*PROBLEM STATEMENT*
Check every line of the entries for "DXFTag", and copy the lines that hold it.

Saved data entries:
--------------------------------
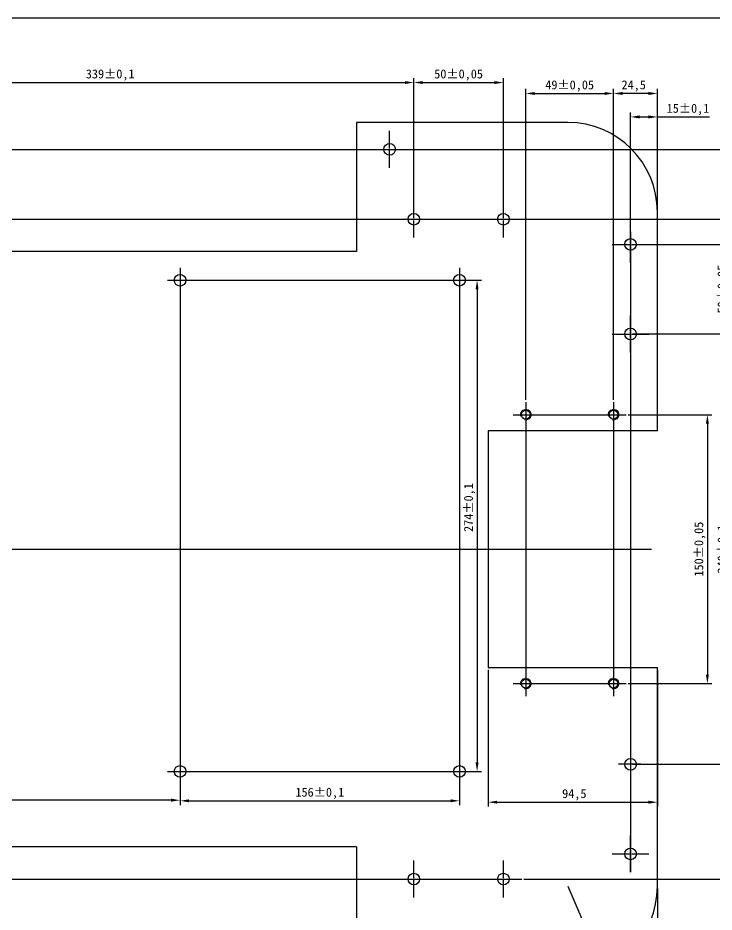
# Model space of a CAD drawing. Header units: millimetres. Extents: x 0 to 584, y 0 to 410.
# Drawn here: x 194.3 to 388.7, y 160.6 to 410 of the extents above; entities that cross this region are included whole.
import ezdxf
from ezdxf.lldxf.tags import DXFTag

# ---------------------------------------------------------------- set-up
doc = ezdxf.new("R2010")
doc.units = ezdxf.units.MM
for name, color, linetype in [('1121-底盘主体', 7, 'Continuous'), ('Default', 1, 'Continuous'), ('图框', 7, 'Continuous'), ('标注', 4, 'Continuous')]:
    doc.layers.add(name, color=color, linetype=linetype)
tags = doc.linetypes.add('CENTER2', pattern=[28.575, 19.05, -3.175, 3.175, -3.175]).pattern_tags.tags
tags[10:11] = [DXFTag(74, 4), DXFTag(75, 0), DXFTag(340, '0'), DXFTag(46, 0.0), DXFTag(50, 0.0), DXFTag(44, 0.0), DXFTag(45, 0.0)]
tags[8:9] = [DXFTag(74, 4), DXFTag(75, 0), DXFTag(340, '0'), DXFTag(46, 0.0), DXFTag(50, 0.0), DXFTag(44, 0.0), DXFTag(45, 0.0)]
tags[6:7] = [DXFTag(74, 4), DXFTag(75, 0), DXFTag(340, '0'), DXFTag(46, 0.0), DXFTag(50, 0.0), DXFTag(44, 0.0), DXFTag(45, 0.0)]
tags[4:5] = [DXFTag(74, 4), DXFTag(75, 0), DXFTag(340, '0'), DXFTag(46, 0.0), DXFTag(50, 0.0), DXFTag(44, 0.0), DXFTag(45, 0.0)]
doc.dimstyles.new('ISO-25', dxfattribs={"dimtxt": 2.5, "dimasz": 2.5, "dimexe": 1.25, "dimexo": 0.625, "dimtad": 1, "dimlfac": 2, "dimtxsty": 'Standard', "dimcen": 2.5, "dimadec": 0, "dimazin": 0, "dimtfac": 1, "dimtmove": 0, "dimatfit": 3, "dimfxl": 1, "dimarcsym": 0})

# ---------------------------------------------------------------- blocks, each defined once
blk = doc.blocks.new('SE')
at = {"layer": '1121-底盘主体', "color": 7, "linetype": 'Continuous', "lineweight": 30}
for p, q in [((140.37, 380.84), (83.87, 380.84)), ((140.37, 380.84), (140.37, 344.84)), ((347.87, 380.84), (288.87, 380.84)), ((288.87, 380.84), (288.87, 344.84)), ((58.87, 355.84), (58.87, 294.84)), ((372.87, 294.84), (372.87, 355.84)), ((288.87, 344.84), (140.37, 344.84)), ((58.87, 294.84), (106.12, 294.84)), ((106.12, 294.84), (106.12, 228.84)), ((372.87, 294.84), (325.62, 294.84)), ((325.62, 294.84), (325.62, 228.84)), ((106.12, 228.84), (58.87, 228.84)), ((58.87, 228.84), (58.87, 167.84)), ((325.62, 228.84), (372.87, 228.84)), ((372.87, 167.84), (372.87, 228.84)), ((140.37, 178.84), (140.37, 142.84)), ((288.87, 178.84), (140.37, 178.84)), ((288.87, 178.84), (288.87, 142.84)), ((140.37, 142.84), (83.87, 142.84)), ((347.87, 142.84), (288.87, 142.84))]:
    blk.add_line(p, q, dxfattribs=at)
for centre, radius in [((108.12, 373.34), 1.63), ((133.12, 373.34), 1.62), ((298.12, 373.34), 1.62), ((110.37, 353.84), 1.62), ((135.37, 353.84), 1.62), ((304.87, 353.84), 1.62), ((329.87, 353.84), 1.62), ((66.37, 346.84), 1.62), ((365.37, 346.84), 1.62), ((117.12, 340.59), 1.23), ((177.12, 340.59), 1.23), ((239.62, 336.84), 1.63), ((317.62, 336.84), 1.63), ((66.37, 321.84), 1.63), ((365.37, 321.84), 1.63), ((71.12, 299.34), 1.23), ((95.62, 299.34), 1.23), ((336.12, 299.34), 1.23), ((360.62, 299.34), 1.23), ((71.12, 224.34), 1.23), ((95.62, 224.34), 1.23), ((336.12, 224.34), 1.23), ((360.62, 224.34), 1.23), ((66.37, 201.84), 1.63), ((365.37, 201.84), 1.63), ((239.62, 199.84), 1.63), ((317.62, 199.84), 1.63), ((117.12, 183.09), 1.23), ((177.12, 183.09), 1.23), ((66.37, 176.84), 1.62), ((365.37, 176.84), 1.62), ((110.37, 169.84), 1.62), ((135.37, 169.84), 1.62), ((304.87, 169.84), 1.62), ((329.87, 169.84), 1.62), ((108.12, 150.34), 1.63), ((133.12, 150.34), 1.62), ((298.12, 150.34), 1.62)]:
    blk.add_circle(centre, radius, dxfattribs=at)
for centre, start, end in [((83.87, 355.84), 90, 180), ((347.87, 355.84), 0, 90), ((83.87, 167.84), 180, 270), ((347.87, 167.84), 270, 0)]:
    blk.add_arc(centre, 25, start, end, dxfattribs=at)
at = {"layer": '1121-底盘主体', "color": 7, "linetype": 'Continuous', "lineweight": 20}
for centre in [(117.12, 340.59), (177.12, 340.59), (71.12, 299.34), (95.62, 299.34), (336.12, 299.34), (360.62, 299.34), (71.12, 224.34), (95.62, 224.34), (336.12, 224.34), (360.62, 224.34), (117.12, 183.09), (177.12, 183.09)]:
    blk.add_arc(centre, 1.5, 255, 195, dxfattribs=at)
blk = doc.blocks.new('*D42')
at = {"color": 0, "lineweight": -2, "transparency": 16777216}
for p, q in [((364.74, 299.34), (388.06, 299.34)), ((386.81, 296.84), (386.81, 226.84)), ((364.74, 224.34), (388.06, 224.34))]:
    blk.add_line(p, q, dxfattribs=at)
at = {"color": 0, "transparency": 16777216}
for points in [[(386.39, 296.84), (387.23, 296.84), (386.81, 299.34)], [(386.39, 226.84), (387.23, 226.84), (386.81, 224.34)]]:
    blk.add_solid(points, dxfattribs=at)
at = {"layer": 'Defpoints', "color": 0, "transparency": 16777216}
for p in [(364.12, 299.34), (364.12, 224.34), (386.81, 224.34)]:
    blk.add_point(p, dxfattribs=at)
at = {"color": 0, "transparency": 16777216, "insert": (384.73, 261.84), "char_height": 2.5, "attachment_point": 5, "rotation": 90}
blk.add_mtext('150±0,05', dxfattribs=at)
blk = doc.blocks.new('*D43')
at = {"color": 0, "lineweight": -2, "transparency": 16777216}
for p, q in [((365.99, 321.84), (394.54, 321.84)), ((393.29, 319.34), (393.29, 204.34)), ((365.99, 201.84), (394.54, 201.84))]:
    blk.add_line(p, q, dxfattribs=at)
at = {"color": 0, "transparency": 16777216}
for points in [[(392.88, 319.34), (393.71, 319.34), (393.29, 321.84)], [(392.87, 204.34), (393.71, 204.34), (393.29, 201.84)]]:
    blk.add_solid(points, dxfattribs=at)
at = {"layer": 'Defpoints', "color": 0, "transparency": 16777216}
for p in [(365.37, 321.84), (365.37, 201.84), (393.29, 201.84)]:
    blk.add_point(p, dxfattribs=at)
at = {"color": 0, "transparency": 16777216, "insert": (391.21, 261.84), "char_height": 2.5, "attachment_point": 5, "rotation": 89.9998}
blk.add_mtext('240±0,1', dxfattribs=at)
blk = doc.blocks.new('*D44')
at = {"color": 0, "lineweight": -2, "transparency": 16777216}
for p, q in [((298.74, 373.34), (406.96, 373.34)), ((405.71, 370.84), (405.71, 152.84)), ((298.74, 150.34), (406.96, 150.34))]:
    blk.add_line(p, q, dxfattribs=at)
at = {"color": 0, "transparency": 16777216}
for points in [[(405.3, 370.84), (406.13, 370.84), (405.71, 373.34)], [(405.3, 152.84), (406.13, 152.84), (405.71, 150.34)]]:
    blk.add_solid(points, dxfattribs=at)
at = {"layer": 'Defpoints', "color": 0, "transparency": 16777216}
for p in [(298.12, 373.34), (298.12, 150.34), (405.71, 150.34)]:
    blk.add_point(p, dxfattribs=at)
at = {"color": 0, "transparency": 16777216, "insert": (403.63, 261.84), "char_height": 2.5, "attachment_point": 5, "rotation": 90}
blk.add_mtext('446±0,1', dxfattribs=at)
blk = doc.blocks.new('*D47')
at = {"color": 0, "lineweight": -2, "transparency": 16777216}
for p, q in [((336.12, 303.46), (336.12, 390.17)), ((360.62, 303.46), (360.62, 390.17)), ((338.62, 388.92), (358.12, 388.92))]:
    blk.add_line(p, q, dxfattribs=at)
at = {"color": 0, "transparency": 16777216}
for points in [[(338.62, 389.34), (338.62, 388.5), (336.12, 388.92)], [(358.12, 389.34), (358.12, 388.5), (360.62, 388.92)]]:
    blk.add_solid(points, dxfattribs=at)
at = {"layer": 'Defpoints', "color": 0, "transparency": 16777216}
for p in [(360.62, 388.92), (336.12, 302.84), (360.62, 302.84)]:
    blk.add_point(p, dxfattribs=at)
at = {"color": 0, "transparency": 16777216, "insert": (348.37, 391), "char_height": 2.5, "attachment_point": 5}
blk.add_mtext('49±0,05', dxfattribs=at)
blk = doc.blocks.new('*D48')
at = {"color": 0, "lineweight": -2, "transparency": 16777216}
for p, q in [((360.62, 389.54), (360.62, 390.17)), ((372.87, 356.46), (372.87, 390.17)), ((370.37, 388.92), (363.12, 388.92))]:
    blk.add_line(p, q, dxfattribs=at)
at = {"color": 0, "transparency": 16777216}
for points in [[(363.12, 389.34), (363.12, 388.5), (360.62, 388.92)], [(370.37, 389.34), (370.37, 388.5), (372.87, 388.92)]]:
    blk.add_solid(points, dxfattribs=at)
at = {"layer": 'Defpoints', "color": 0, "transparency": 16777216}
for p in [(360.62, 388.92), (360.62, 388.92), (372.87, 355.84)]:
    blk.add_point(p, dxfattribs=at)
at = {"color": 0, "transparency": 16777216, "insert": (366.25, 391), "char_height": 2.5, "attachment_point": 5}
blk.add_mtext('24,5', dxfattribs=at)
blk = doc.blocks.new('*D49')
at = {"color": 0, "lineweight": -2, "transparency": 16777216}
for p, q in [((365.37, 350.96), (365.37, 383.63)), ((367.87, 382.38), (370.37, 382.38)), ((372.87, 356.46), (372.87, 383.63)), ((372.87, 382.38), (387.45, 382.38))]:
    blk.add_line(p, q, dxfattribs=at)
at = {"color": 0, "transparency": 16777216}
for points in [[(367.87, 382.8), (367.87, 381.96), (365.37, 382.38)], [(370.37, 382.8), (370.37, 381.96), (372.87, 382.38)]]:
    blk.add_solid(points, dxfattribs=at)
at = {"layer": 'Defpoints', "color": 0, "transparency": 16777216}
for p in [(372.87, 382.38), (372.87, 355.84), (365.37, 350.34)]:
    blk.add_point(p, dxfattribs=at)
at = {"color": 0, "transparency": 16777216, "insert": (381.41, 384.46), "char_height": 2.5, "attachment_point": 5}
blk.add_mtext('15±0,1', dxfattribs=at)
blk = doc.blocks.new('*D50')
at = {"color": 0, "lineweight": -2, "transparency": 16777216}
for p, q in [((333.99, 353.84), (400.96, 353.84)), ((399.71, 172.34), (399.71, 351.34)), ((335.62, 169.84), (400.96, 169.84))]:
    blk.add_line(p, q, dxfattribs=at)
at = {"color": 0, "transparency": 16777216}
for points in [[(399.29, 351.34), (400.13, 351.34), (399.71, 353.84)], [(399.29, 172.34), (400.13, 172.34), (399.71, 169.84)]]:
    blk.add_solid(points, dxfattribs=at)
at = {"layer": 'Defpoints', "color": 0, "transparency": 16777216}
for p in [(333.37, 353.84), (399.71, 353.84), (334.99, 169.84)]:
    blk.add_point(p, dxfattribs=at)
at = {"color": 0, "transparency": 16777216, "insert": (397.63, 261.84), "char_height": 2.5, "attachment_point": 5, "rotation": 90}
blk.add_mtext('368±0,1', dxfattribs=at)
blk = doc.blocks.new('*D51')
at = {"color": 0, "lineweight": -2, "transparency": 16777216}
for p, q in [((365.99, 346.84), (394.54, 346.84)), ((393.29, 344.34), (393.29, 324.34)), ((365.99, 321.84), (394.54, 321.84))]:
    blk.add_line(p, q, dxfattribs=at)
at = {"color": 0, "transparency": 16777216}
for points in [[(392.88, 344.34), (393.71, 344.34), (393.29, 346.84)], [(392.88, 324.34), (393.71, 324.34), (393.29, 321.84)]]:
    blk.add_solid(points, dxfattribs=at)
at = {"layer": 'Defpoints', "color": 0, "transparency": 16777216}
for p in [(365.37, 346.84), (365.37, 321.84), (393.29, 321.84)]:
    blk.add_point(p, dxfattribs=at)
at = {"color": 0, "transparency": 16777216, "insert": (391.21, 334.34), "char_height": 2.5, "attachment_point": 5, "rotation": 90}
blk.add_mtext('50±0,05', dxfattribs=at)
blk = doc.blocks.new('*D65')
at = {"color": 0, "lineweight": -2, "transparency": 16777216}
for p, q in [((318.24, 336.84), (323.78, 336.84)), ((322.53, 334.34), (322.53, 202.34)), ((318.24, 199.84), (323.78, 199.84))]:
    blk.add_line(p, q, dxfattribs=at)
at = {"color": 0, "lineweight": 30, "transparency": 16777216}
for points in [[(322.11, 334.34), (322.94, 334.34), (322.53, 336.84)], [(322.11, 202.34), (322.94, 202.34), (322.53, 199.84)]]:
    blk.add_solid(points, dxfattribs=at)
at = {"layer": 'Defpoints', "color": 0, "lineweight": 30, "transparency": 16777216}
for p in [(317.62, 336.84), (317.62, 199.84), (322.53, 199.84)]:
    blk.add_point(p, dxfattribs=at)
at = {"color": 0, "transparency": 16777216, "insert": (320.44, 273.44), "char_height": 2.5, "attachment_point": 5, "rotation": 90}
blk.add_mtext('274±0,1', dxfattribs=at)
blk = doc.blocks.new('*D66')
at = {"color": 0, "lineweight": -2, "transparency": 16777216}
for p, q in [((239.62, 199.21), (239.62, 190.4)), ((317.62, 199.21), (317.62, 190.4)), ((242.12, 191.65), (315.12, 191.65))]:
    blk.add_line(p, q, dxfattribs=at)
at = {"color": 0, "transparency": 16777216}
for points in [[(242.12, 192.07), (242.12, 191.24), (239.62, 191.65)], [(315.12, 192.07), (315.12, 191.24), (317.62, 191.65)]]:
    blk.add_solid(points, dxfattribs=at)
at = {"layer": 'Defpoints', "color": 0, "transparency": 16777216}
for p in [(239.62, 199.84), (317.62, 199.84), (317.62, 191.65)]:
    blk.add_point(p, dxfattribs=at)
at = {"color": 0, "transparency": 16777216, "insert": (278.62, 193.74), "char_height": 2.5, "attachment_point": 5}
blk.add_mtext('156±0,1', dxfattribs=at)
blk = doc.blocks.new('*D67')
at = {"color": 0, "lineweight": -2, "transparency": 16777216}
for p, q in [((239.62, 199.21), (239.62, 190.57)), ((58.87, 168.46), (58.87, 193.07)), ((237.12, 191.82), (61.37, 191.82))]:
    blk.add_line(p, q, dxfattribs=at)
--------------------------------
*SOLUTION FOR THIS TASK*
from ezdxf.lldxf.tags import DXFTag
tags[10:11] = [DXFTag(74, 4), DXFTag(75, 0), DXFTag(340, '0'), DXFTag(46, 0.0), DXFTag(50, 0.0), DXFTag(44, 0.0), DXFTag(45, 0.0)]
tags[8:9] = [DXFTag(74, 4), DXFTag(75, 0), DXFTag(340, '0'), DXFTag(46, 0.0), DXFTag(50, 0.0), DXFTag(44, 0.0), DXFTag(45, 0.0)]
tags[6:7] = [DXFTag(74, 4), DXFTag(75, 0), DXFTag(340, '0'), DXFTag(46, 0.0), DXFTag(50, 0.0), DXFTag(44, 0.0), DXFTag(45, 0.0)]
tags[4:5] = [DXFTag(74, 4), DXFTag(75, 0), DXFTag(340, '0'), DXFTag(46, 0.0), DXFTag(50, 0.0), DXFTag(44, 0.0), DXFTag(45, 0.0)]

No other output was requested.